In the entries that follow, which lines hold the string "body"? List them.

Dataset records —
────────────────────────────────────────

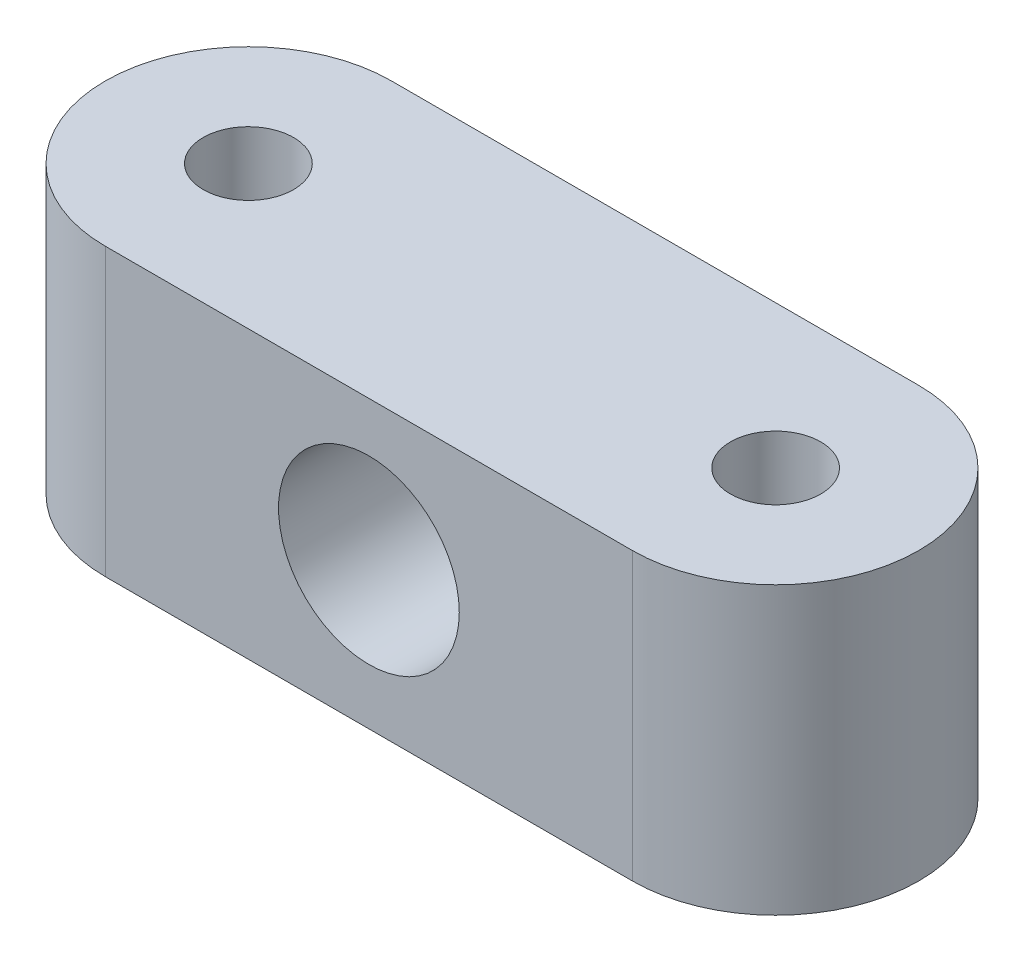
from build123d import *

# Parameters (mm, degrees)
SZKIC1_R                    = 6
DODANIE_WYCI_GNI_CIE1_DEPTH = 38
SZKIC2_R                    = 12
WYTNIJ_WYCI_GNI_CIE2_DEPTH  = 104.966340707


with BuildPart() as part:
    # Szkic1 → Dodanie-wyciągnięcie1 (new body)
    with BuildSketch(Plane(origin=(0, 0, 0), x_dir=(1, 0, 0), z_dir=(0, 1, 0))):
        with BuildLine():
            Line((0, 19), (70, 19))
            ThreePointArc((70, 19), (89, 0), (70, -19))
            Line((70, -19), (0, -19))
            ThreePointArc((0, -19), (-19, 0), (0, 19))
        make_face()
        with Locations(Location((0, 0, 0), (0, 0, 270))):
            Circle(SZKIC1_R, mode=Mode.SUBTRACT)
        with Locations(Location((70, 0, 0), (0, 0, 270))):
            Circle(SZKIC1_R, mode=Mode.SUBTRACT)
    extrude(amount=DODANIE_WYCI_GNI_CIE1_DEPTH)

    # Szkic2 → Wytnij-wyciągnięcie2 (cut, through all)
    with BuildSketch(Plane.XY.offset(19)):
        with Locations((35, 19.402617886)):
            Circle(SZKIC2_R)
    extrude(amount=-WYTNIJ_WYCI_GNI_CIE2_DEPTH, mode=Mode.SUBTRACT)


solid = part.part
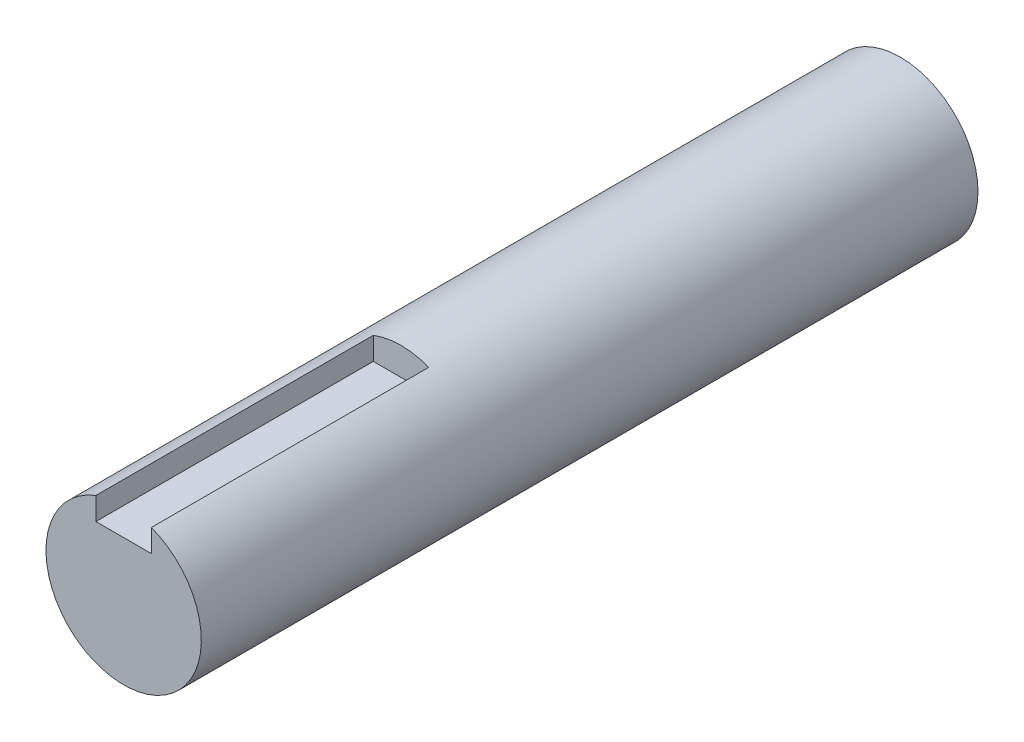
from build123d import *

# Parameters (mm, degrees)
SKETCH1_R           = 7
BOSS_EXTRUDE1_DEPTH = 70
CUT_EXTRUDE1_START  = -25
CUT_EXTRUDE1_DEPTH  = 25


with BuildPart() as part:
    # Sketch1 → Boss-Extrude1 (new body)
    with BuildSketch(Plane.XY):
        Circle(SKETCH1_R)
    extrude(amount=BOSS_EXTRUDE1_DEPTH)

    # Sketch2 → Cut-Extrude1 (cut)
    with BuildSketch(Plane.XY.offset(70).offset(CUT_EXTRUDE1_START)):
        with BuildLine():
            Line((-2.5, 4.5), (2.5, 4.5))
            Line((2.5, 4.5), (2.5, 6.538348415))
            ThreePointArc((2.5, 6.538348415), (0, 7), (-2.5, 6.538348415))
            Line((-2.5, 6.538348415), (-2.5, 4.5))
        make_face()
    extrude(amount=CUT_EXTRUDE1_DEPTH, mode=Mode.SUBTRACT)


solid = part.part

────────────────────────────────────────

EXERCISE RESULT —
    # Szkic1 → Dodanie-wyciągnięcie1 (new body)
    # Sketch1 → Boss-Extrude1 (new body)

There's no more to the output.